This conference began with a performance proving that one of Byron’s greatest poems, The Vision of Judgment, was actually one of his greatest literary dramas. For the pre-conference dinner entertainment, Peter Cochran, the conference organiser, divided the poem into particular voices and asked one person to play the voice of each character. The result was a performance in which the voice of any single dominant narrator swiftly disappeared. Alongside poetic form, poetry as performance became one of the key discussion points of the conference during the following day.

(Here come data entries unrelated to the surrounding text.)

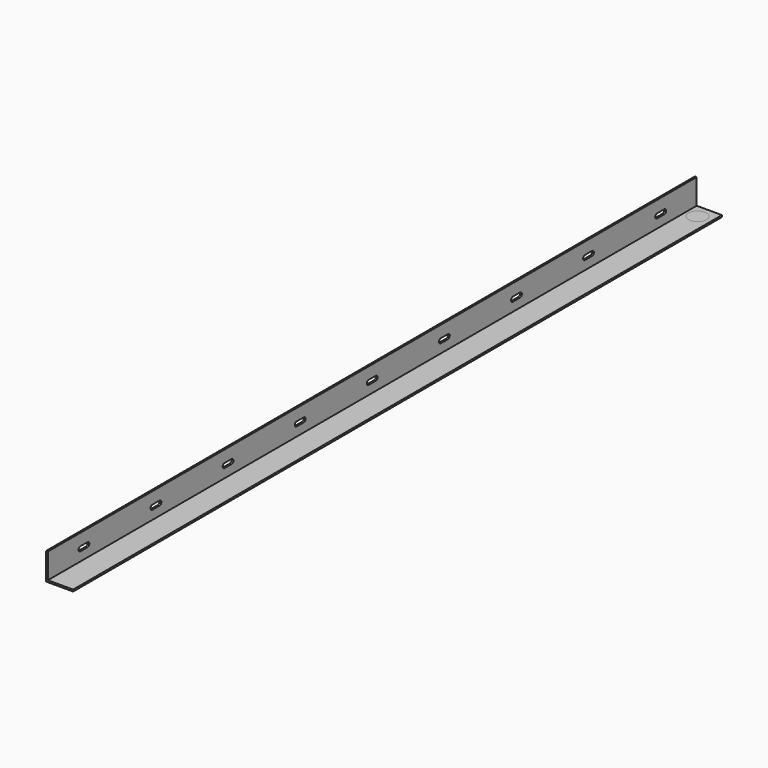
from build123d import *

# Parameters (mm, degrees)
F1_DEPTH = 400
F3_DEPTH = 2
F4_DEPTH = 900
F5_DEPTH = 2
F6_R     = 10
F7_DEPTH = 2


with BuildPart() as f1:
    # F0 (on Front) → F1 (new body)
    with BuildSketch(Plane.XZ):
        Polygon((-6.9707836596, 25.3386970109), (-8.9707836596, 25.3386970109), (-8.9707836596, -4.6613029891), (21.0292163404, -4.6613029891), (21.0292163404, -2.6613029891), (-6.9707836596, -2.6613029891), align=None)
    extrude(amount=F1_DEPTH)

    # F2 (on face) → F3 (cut)
    with BuildSketch(Plane.YZ.offset(-6.9707836596)):
        with BuildLine():
            ThreePointArc((-352.5, 9.7042359412), (-351.767766953, 11.4720028941), (-350, 12.2042359412))
            Line((-350, 12.2042359412), (-355, 12.2042359412))
            ThreePointArc((-355, 12.2042359412), (-357.5, 9.7042359412), (-355, 7.2042359412))
            Line((-355, 7.2042359412), (-350, 7.2042359412))
            ThreePointArc((-350, 7.2042359412), (-351.767766953, 7.9364689882), (-352.5, 9.7042359412))
        make_face()
        with BuildLine():
            Line((-347.5, 9.7042359412), (-350, 9.7042359412))
            Line((-350, 9.7042359412), (-350, 7.2042359412))
            ThreePointArc((-350, 7.2042359412), (-348.232233047, 7.9364689882), (-347.5, 9.7042359412))
        make_face()
        with BuildLine():
            Line((-350, 7.2042359412), (-350, 9.7042359412))
            Line((-350, 9.7042359412), (-352.5, 9.7042359412))
            ThreePointArc((-352.5, 9.7042359412), (-351.767766953, 7.9364689882), (-350, 7.2042359412))
        make_face()
        with BuildLine():
            ThreePointArc((-347.5, 9.7042359412), (-348.232233047, 11.4720028941), (-350, 12.2042359412))
            Line((-350, 12.2042359412), (-350, 9.7042359412))
            Line((-350, 9.7042359412), (-347.5, 9.7042359412))
        make_face()
        with BuildLine():
            Line((-345, 12.2042359412), (-350, 12.2042359412))
            ThreePointArc((-350, 12.2042359412), (-348.232233047, 11.4720028941), (-347.5, 9.7042359412))
            ThreePointArc((-347.5, 9.7042359412), (-348.232233047, 7.9364689882), (-350, 7.2042359412))
            Line((-350, 7.2042359412), (-345, 7.2042359412))
            ThreePointArc((-345, 7.2042359412), (-342.5, 9.7042359412), (-345, 12.2042359412))
        make_face()
        with BuildLine():
            Line((-350, 9.7042359412), (-350, 12.2042359412))
            ThreePointArc((-350, 12.2042359412), (-351.767766953, 11.4720028941), (-352.5, 9.7042359412))
            Line((-352.5, 9.7042359412), (-350, 9.7042359412))
        make_face()
        with BuildLine():
            Line((-255, 7.2042359412), (-250, 7.2042359412))
            Line((-250, 7.2042359412), (-245, 7.2042359412))
            ThreePointArc((-245, 7.2042359412), (-242.5, 9.7042359412), (-245, 12.2042359412))
            Line((-245, 12.2042359412), (-250, 12.2042359412))
            Line((-250, 12.2042359412), (-255, 12.2042359412))
            ThreePointArc((-255, 12.2042359412), (-257.5, 9.7042359412), (-255, 7.2042359412))
        make_face()
        with BuildLine():
            Line((-155, 7.2042359412), (-150, 7.2042359412))
            Line((-150, 7.2042359412), (-145, 7.2042359412))
            ThreePointArc((-145, 7.2042359412), (-142.5, 9.7042359412), (-145, 12.2042359412))
            Line((-145, 12.2042359412), (-150, 12.2042359412))
            Line((-150, 12.2042359412), (-155, 12.2042359412))
            ThreePointArc((-155, 12.2042359412), (-157.5, 9.7042359412), (-155, 7.2042359412))
        make_face()
        with BuildLine():
            Line((-55, 7.2042359412), (-50, 7.2042359412))
            Line((-50, 7.2042359412), (-45, 7.2042359412))
            ThreePointArc((-45, 7.2042359412), (-42.5, 9.7042359412), (-45, 12.2042359412))
            Line((-45, 12.2042359412), (-50, 12.2042359412))
            Line((-50, 12.2042359412), (-55, 12.2042359412))
            ThreePointArc((-55, 12.2042359412), (-57.5, 9.7042359412), (-55, 7.2042359412))
        make_face()
    extrude(amount=-F3_DEPTH, mode=Mode.SUBTRACT)


with BuildPart() as f4:
    # F0 (on Front) → F4 (new body)
    with BuildSketch(Plane.XZ):
        Polygon((-6.9707836596, 25.3386970109), (-8.9707836596, 25.3386970109), (-8.9707836596, -4.6613029891), (21.0292163404, -4.6613029891), (21.0292163404, -2.6613029891), (-6.9707836596, -2.6613029891), align=None)
    extrude(amount=F4_DEPTH)

    # F2 (on face) → F5 (cut)
    with BuildSketch(Plane.YZ.offset(-6.9707836596)):
        with BuildLine():
            ThreePointArc((-347.5, 9.7042359412), (-348.232233047, 11.4720028941), (-350, 12.2042359412))
            Line((-350, 12.2042359412), (-350, 9.7042359412))
            Line((-350, 9.7042359412), (-347.5, 9.7042359412))
        make_face()
        with BuildLine():
            Line((-345, 12.2042359412), (-350, 12.2042359412))
            ThreePointArc((-350, 12.2042359412), (-348.232233047, 11.4720028941), (-347.5, 9.7042359412))
            ThreePointArc((-347.5, 9.7042359412), (-348.232233047, 7.9364689882), (-350, 7.2042359412))
            Line((-350, 7.2042359412), (-345, 7.2042359412))
            ThreePointArc((-345, 7.2042359412), (-342.5, 9.7042359412), (-345, 12.2042359412))
        make_face()
        with BuildLine():
            ThreePointArc((-352.5, 9.7042359412), (-351.767766953, 11.4720028941), (-350, 12.2042359412))
            Line((-350, 12.2042359412), (-355, 12.2042359412))
            ThreePointArc((-355, 12.2042359412), (-357.5, 9.7042359412), (-355, 7.2042359412))
            Line((-355, 7.2042359412), (-350, 7.2042359412))
            ThreePointArc((-350, 7.2042359412), (-351.767766953, 7.9364689882), (-352.5, 9.7042359412))
        make_face()
        with BuildLine():
            Line((-350, 9.7042359412), (-350, 12.2042359412))
            ThreePointArc((-350, 12.2042359412), (-351.767766953, 11.4720028941), (-352.5, 9.7042359412))
            Line((-352.5, 9.7042359412), (-350, 9.7042359412))
        make_face()
        with BuildLine():
            Line((-347.5, 9.7042359412), (-350, 9.7042359412))
            Line((-350, 9.7042359412), (-350, 7.2042359412))
            ThreePointArc((-350, 7.2042359412), (-348.232233047, 7.9364689882), (-347.5, 9.7042359412))
        make_face()
        with BuildLine():
            Line((-350, 7.2042359412), (-350, 9.7042359412))
            Line((-350, 9.7042359412), (-352.5, 9.7042359412))
            ThreePointArc((-352.5, 9.7042359412), (-351.767766953, 7.9364689882), (-350, 7.2042359412))
        make_face()
        with BuildLine():
            Line((-255, 7.2042359412), (-250, 7.2042359412))
            Line((-250, 7.2042359412), (-245, 7.2042359412))
            ThreePointArc((-245, 7.2042359412), (-242.5, 9.7042359412), (-245, 12.2042359412))
            Line((-245, 12.2042359412), (-250, 12.2042359412))
            Line((-250, 12.2042359412), (-255, 12.2042359412))
            ThreePointArc((-255, 12.2042359412), (-257.5, 9.7042359412), (-255, 7.2042359412))
        make_face()
        with BuildLine():
            Line((-155, 7.2042359412), (-150, 7.2042359412))
            Line((-150, 7.2042359412), (-145, 7.2042359412))
            ThreePointArc((-145, 7.2042359412), (-142.5, 9.7042359412), (-145, 12.2042359412))
            Line((-145, 12.2042359412), (-150, 12.2042359412))
            Line((-150, 12.2042359412), (-155, 12.2042359412))
            ThreePointArc((-155, 12.2042359412), (-157.5, 9.7042359412), (-155, 7.2042359412))
        make_face()
        with BuildLine():
            Line((-55, 7.2042359412), (-50, 7.2042359412))
            Line((-50, 7.2042359412), (-45, 7.2042359412))
            ThreePointArc((-45, 7.2042359412), (-42.5, 9.7042359412), (-45, 12.2042359412))
            Line((-45, 12.2042359412), (-50, 12.2042359412))
            Line((-50, 12.2042359412), (-55, 12.2042359412))
            ThreePointArc((-55, 12.2042359412), (-57.5, 9.7042359412), (-55, 7.2042359412))
        make_face()
        with BuildLine():
            ThreePointArc((-445, 7.2042359412), (-442.5, 9.7042359412), (-445, 12.2042359412))
            Line((-445, 12.2042359412), (-450, 12.2042359412))
            Line((-450, 12.2042359412), (-455, 12.2042359412))
            ThreePointArc((-455, 12.2042359412), (-457.5, 9.7042359412), (-455, 7.2042359412))
            Line((-455, 7.2042359412), (-450, 7.2042359412))
            Line((-450, 7.2042359412), (-445, 7.2042359412))
        make_face()
        with BuildLine():
            ThreePointArc((-545, 7.2042359412), (-542.5, 9.7042359412), (-545, 12.2042359412))
            Line((-545, 12.2042359412), (-550, 12.2042359412))
            Line((-550, 12.2042359412), (-555, 12.2042359412))
            ThreePointArc((-555, 12.2042359412), (-557.5, 9.7042359412), (-555, 7.2042359412))
            Line((-555, 7.2042359412), (-550, 7.2042359412))
            Line((-550, 7.2042359412), (-545, 7.2042359412))
        make_face()
        with BuildLine():
            ThreePointArc((-645, 7.2042359412), (-642.5, 9.7042359412), (-645, 12.2042359412))
            Line((-645, 12.2042359412), (-650, 12.2042359412))
            Line((-650, 12.2042359412), (-655, 12.2042359412))
            ThreePointArc((-655, 12.2042359412), (-657.5, 9.7042359412), (-655, 7.2042359412))
            Line((-655, 7.2042359412), (-650, 7.2042359412))
            Line((-650, 7.2042359412), (-645, 7.2042359412))
        make_face()
        with BuildLine():
            ThreePointArc((-745, 7.2042359412), (-742.5, 9.7042359412), (-745, 12.2042359412))
            Line((-745, 12.2042359412), (-750, 12.2042359412))
            Line((-750, 12.2042359412), (-755, 12.2042359412))
            ThreePointArc((-755, 12.2042359412), (-757.5, 9.7042359412), (-755, 7.2042359412))
            Line((-755, 7.2042359412), (-750, 7.2042359412))
            Line((-750, 7.2042359412), (-745, 7.2042359412))
        make_face()
        with BuildLine():
            ThreePointArc((-845, 7.2042359412), (-842.5, 9.7042359412), (-845, 12.2042359412))
            Line((-845, 12.2042359412), (-850, 12.2042359412))
            Line((-850, 12.2042359412), (-855, 12.2042359412))
            ThreePointArc((-855, 12.2042359412), (-857.5, 9.7042359412), (-855, 7.2042359412))
            Line((-855, 7.2042359412), (-850, 7.2042359412))
            Line((-850, 7.2042359412), (-845, 7.2042359412))
        make_face()
    extrude(amount=-F5_DEPTH, mode=Mode.SUBTRACT)

    # F6 (on face) → F7 (cut)
    with BuildSketch(Plane(origin=(0, 0, -4.6613029891), x_dir=(1, 0, 0), z_dir=(0, 0, -1))):
        with Locations((6.0292163404, 15)):
            Circle(F6_R)
    extrude(amount=-F7_DEPTH, mode=Mode.SUBTRACT)


solid = Compound([f1.part, f4.part])
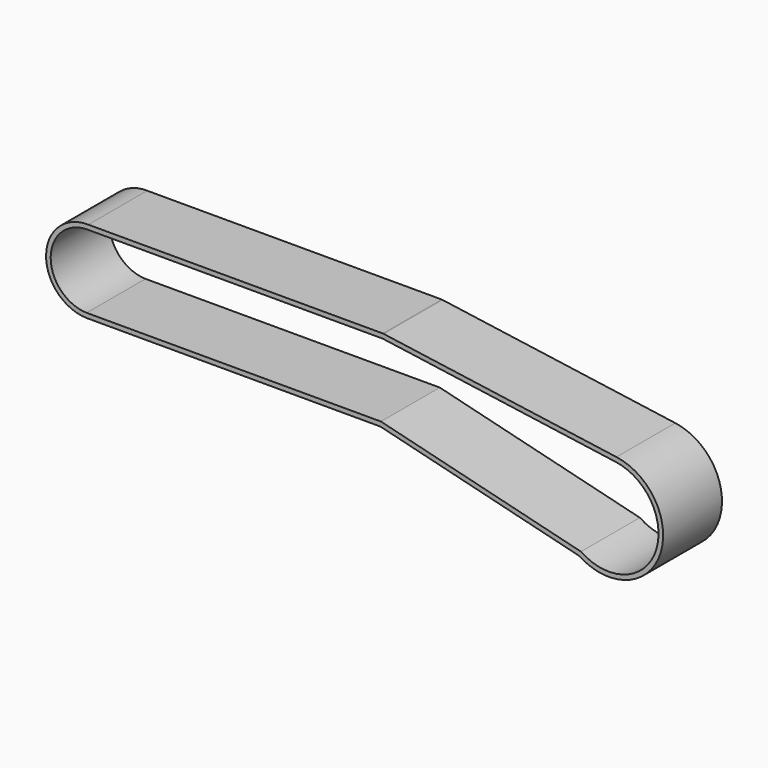
from build123d import *

# Parameters (mm, degrees)
F1_DEPTH = 20


# Not quite as in the source:
# - ends of sketch curves that miss each other by under 0.0002 mm in the source are joined


with BuildPart() as f1:
    # F0 (on Front) → F1 (new body)
    with BuildSketch(Plane.XZ):
        with BuildLine():
            Line((97.2907843779, 1.1145511836), (34.0001858397, 10.009464731))
            Line((34.0001858397, 10.009464731), (33.8270701172, 10.0337945591))
            Line((33.8270701172, 10.0337945591), (33.7396616023, 10.0337945591))
            Line((33.7396616023, 10.0337945591), (-46.2468009406, 10.0337945591))
            ThreePointArc((-46.2468009406, 10.0337945591), (-57.7296417452, -0.9784425912), (-46.7174045949, -12.4612833958))
            Line((-46.7174045949, -12.4612833958), (33.1437814598, -12.4612833958))
            Line((33.1437814598, -12.4612833958), (87.1445596341, -25.8231245195))
            ThreePointArc((87.1445596341, -25.8231245195), (109.0413090103, -18.6910027208), (97.2907843779, 1.1145511836))
        make_face()
        with BuildLine():
            ThreePointArc((-46.7038671765, -11.2112851433), (-56.4796434927, -0.9919800096), (-46.260338359, 8.7837963066))
            Line((-46.260338359, 8.7837963066), (33.7396616023, 8.7837945591))
            Line((33.7396616023, 8.7837945591), (97.1168180017, -0.1232839023))
            ThreePointArc((97.1168180017, -0.1232839023), (107.8343480434, -18.3479856965), (87.6567253878, -24.6621562401))
            Line((87.6567253878, -24.6621562401), (33.2961328623, -11.2112833958))
            Line((33.2961328623, -11.2112833958), (-46.7038671765, -11.2112851433))
        make_face(mode=Mode.SUBTRACT)
    extrude(amount=F1_DEPTH)


solid = f1.part

The keynote speaker, Professor Michael O’Neill (Durham), began the conference with ‘“Inextinguishable Energy”: Byron and Poetic Form’. Focused on Byron’s uses of poetic form, O’Neill denied the idea that form is a kind of poetic restriction. Instead, he argued, poetic form strays beyond aesthetic space even while occupying it, and exists as a device through which sentiment is expressed. The construction of poetic forms is a sort of cathartic therapy and aids the expression of opinions, suggesting, nevertheless, that the opinions and content of the narrative are not always the stated ones. Ultimately, form is a device and one that Byron uses to express his convictions about existentialist absorption.

‘Byron, Pope and Feminine Endings’ by Bernard Beatty (Liverpool) examined the influence of Pope on Byron, and was one of the first papers focused on Byron’s place in poetic history. By examining Byron’s poetry through the template of ‘feminine endings’, the roots of Byron’s Augustan view of poetry were exposed, while it also became clear that Byron relied upon this particular poetic form in ways that were deeply influenced by Augustan style.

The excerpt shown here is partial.